First things first, I exaggerate a little when I say programmatically what I really mean is not manually! What we’re going to look at is effectively performing a mail-merge without having to use any COM or other API nasties, just the CustomXML support within MS Word. In order to run through this you will need the following:
- MS Word 2007 (of course!)
- A source XML file, in my case I’m going to use Infopath 2007
- The Word 2007 Content Control Toolkit available here
- [optional] XML Spy to view what’s going on
The Scenario
You have a standard set of documents that you require customers to fill in at the start of a new engagement, these documents are full of customisations of the customer’s name, order details etc. You would like to generate these documents automatically on a server without having to automate MS Word (!).
You would rather not convert the document to an XSL as the document changes quite frequently and you don’t want the burden of changing the documents each time, a solution whereby the user’s can change the template would be preferable.
The Data Source
There are two categories of data source, the first is the content for the customisations (i.e. customer name) the second are the template documents. For this data source we will use an Infopath form as below:
This should form should be self-explanatory so lets move on to the template word document. In this case we’ll assume the document has been written by someone else and merged in fields have been clearly shown such as:
Now we want to replace the values inside <> with values that come out of our Infopath form. We must now convert the temporary placeholder text for Word Content Controls. We do this by highlighting the text and then selecting the plain text control from the developer toolbar as below:
Next we need to set the properties for our new control by highlighting the control and clicking properties. You should then put some meaningful text in the ‘Tag’ field as you will need this to identify the control later.
Perform this action for all of the fields you wish to populate, where the same field is used you can copy+paste content controls which will retain the same tag. I recommend switching on design mode to ensure you have got all of the controls on and they are tagged correctly giving you something like:
Now let’s complete our InfoPath form and save some data:
Save the output XML file somewhere temporarily as we will need this later. Ensure the word document is closed and open it with the Content Control toolkit:
Note the tags that we applied to the word document are shown, without these you can’t tell the controls apart. Now create a new Custom XML part using the link on the right and switch it to Edit View and you should see:
We must now put our custom XML data from the Infopath form in to the word document. To do this simply open up the XML file from Infopath using the folder icon in the Custom XML parts pane as shown above giving:
Now change to the bind view and drag the fields from the right-pane on to the appropriate control tag on the left:
Save and close the document and re-open in Word and….

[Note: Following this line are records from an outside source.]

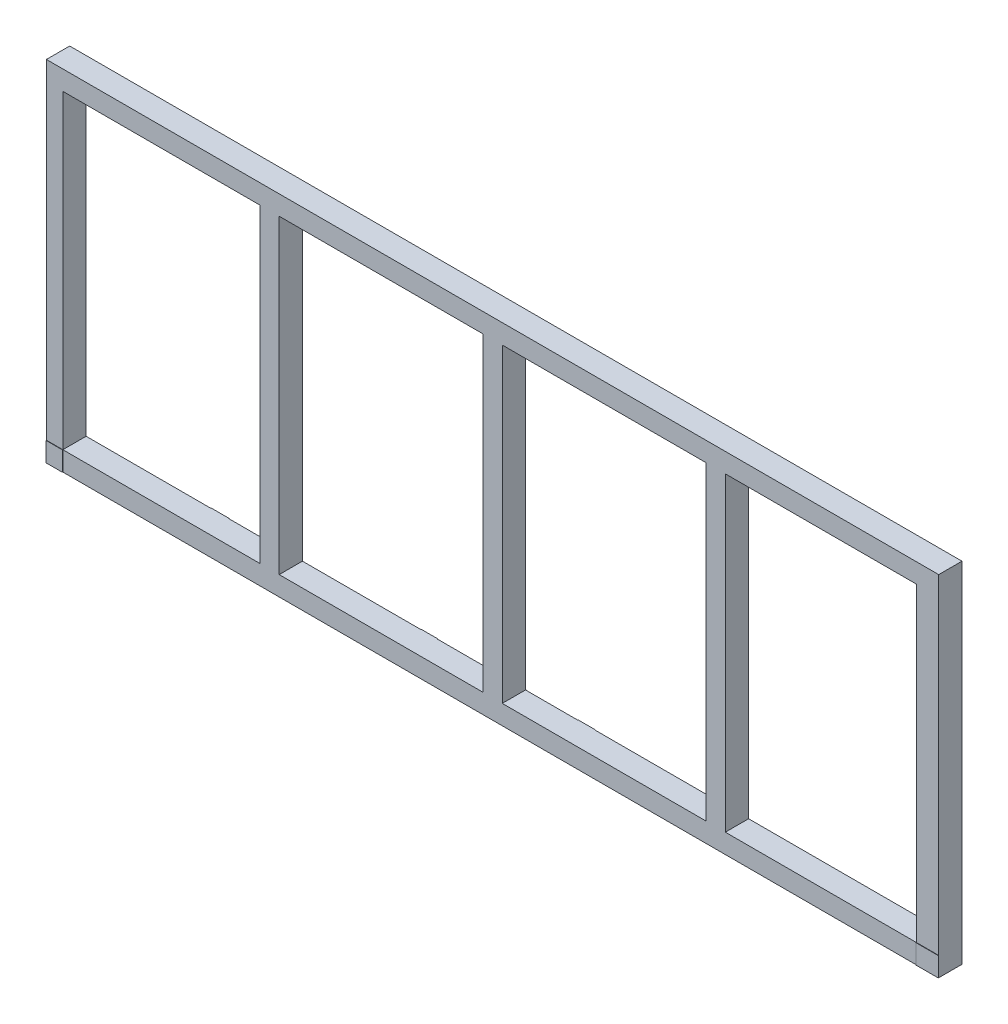
from build123d import *

# Parameters (mm, degrees)
SKETCH1_W           = 2300
SKETCH1_H           = 900
SKETCH1_W_2         = 525
SKETCH1_H_2         = 800
SKETCH1_W_3         = 492.389580631
SKETCH1_W_4         = 507.610419369
BOSS_EXTRUDE1_DEPTH = 60
SKETCH2_W           = 42.389580631
SKETCH2_H           = 50
SKETCH2_W_2         = 57.610419369
BOSS_EXTRUDE2_DEPTH = 1
SKETCH4_W           = 50
SKETCH4_H           = 50.463593603
BOSS_EXTRUDE4_DEPTH = 1
SKETCH5_W           = 44.216514846
SKETCH5_H           = 50
BOSS_EXTRUDE5_DEPTH = 1
SKETCH6_W           = 42.447812038
SKETCH6_H           = 50
BOSS_EXTRUDE6_DEPTH = 1
BOSS_EXTRUDE7_DEPTH = 1


with BuildPart() as part:
    # Sketch1 → Boss-Extrude1 (new body)
    with BuildSketch(Plane.XY):
        Rectangle(SKETCH1_W, SKETCH1_H)
        with Locations((-287.5, 0)):
            Rectangle(SKETCH1_W_2, SKETCH1_H_2, mode=Mode.SUBTRACT)
        with Locations((287.5, 0)):
            Rectangle(SKETCH1_W_2, SKETCH1_H_2, mode=Mode.SUBTRACT)
        with Locations((846.194790316, 0)):
            Rectangle(SKETCH1_W_3, SKETCH1_H_2, mode=Mode.SUBTRACT)
        with Locations((-853.805209685, 0)):
            Rectangle(SKETCH1_W_4, SKETCH1_H_2, mode=Mode.SUBTRACT)
    extrude(amount=BOSS_EXTRUDE1_DEPTH)

    # Sketch2 → Boss-Extrude2 (add)
    with BuildSketch(Plane.XY.offset(60)):
        with Locations((-1128.805209684, -425)):
            Rectangle(SKETCH2_W, SKETCH2_H)
        with Locations((1121.194790316, -425)):
            Rectangle(SKETCH2_W_2, SKETCH2_H)
    extrude(amount=BOSS_EXTRUDE2_DEPTH)

    # Sketch4 → Boss-Extrude4 (add)
    with BuildSketch(Plane(origin=(0, 0, 0), x_dir=(-1, 0, 0), z_dir=(0, 0, -1))):
        with Locations((0, -425.231796802)):
            Rectangle(SKETCH4_W, SKETCH4_H)
    extrude(amount=BOSS_EXTRUDE4_DEPTH)

    # Sketch5 → Boss-Extrude5 (add)
    with BuildSketch(Plane(origin=(0, 0, 0), x_dir=(-1, 0, 0), z_dir=(0, 0, -1))):
        with Locations((-181.41, -425)):
            Rectangle(SKETCH5_W, SKETCH5_H)
    extrude(amount=BOSS_EXTRUDE5_DEPTH)

    # Sketch6 → Boss-Extrude6 (add)
    with BuildSketch(Plane(origin=(0, 0, 0), x_dir=(-1, 0, 0), z_dir=(0, 0, -1))):
        with Locations((223.59, -425)):
            Rectangle(SKETCH6_W, SKETCH6_H)
    extrude(amount=BOSS_EXTRUDE6_DEPTH)

    # Sketch7 → Boss-Extrude7 (add)
    with BuildSketch(Plane(origin=(0, 0, 0), x_dir=(-1, 0, 0), z_dir=(0, 0, -1))):
        Polygon((740.20473979, -400), (763.59, -400), (786.97526021, -400), (786.97526021, -450), (763.59, -450), (740.20473979, -450), align=None)
    extrude(amount=BOSS_EXTRUDE7_DEPTH)


solid = part.part

…you should have the values from the Infopath form showing inside the Word document. Obviously you’re not going to want to go through this process to generate the document each time, however changing the data now that it is bound is very easy.
Rename the document from “yourdoc.docx” to “yourdoc.docx.zip”, open in explorer and navigate to the ‘CustomXml’ folder and you will see a file called item1.xml
If you double-click that file you will note that it opens in Infopath, thus to change the document ‘data’ you just need to replace the xml file within the word document package each time.
Also I should mention that following the steps above the document is bound “two-ways” that is if you change the clientName field in the Word document not only will all occurrences of that field source change throughout the document but also the xml file will be changed. This behaviour can be changed using the properties of each content control.
Limitations
This type of data merging / generation is only really suitable for simple text insertion, if you have repeating data for example you will probably need to use an XSL approach.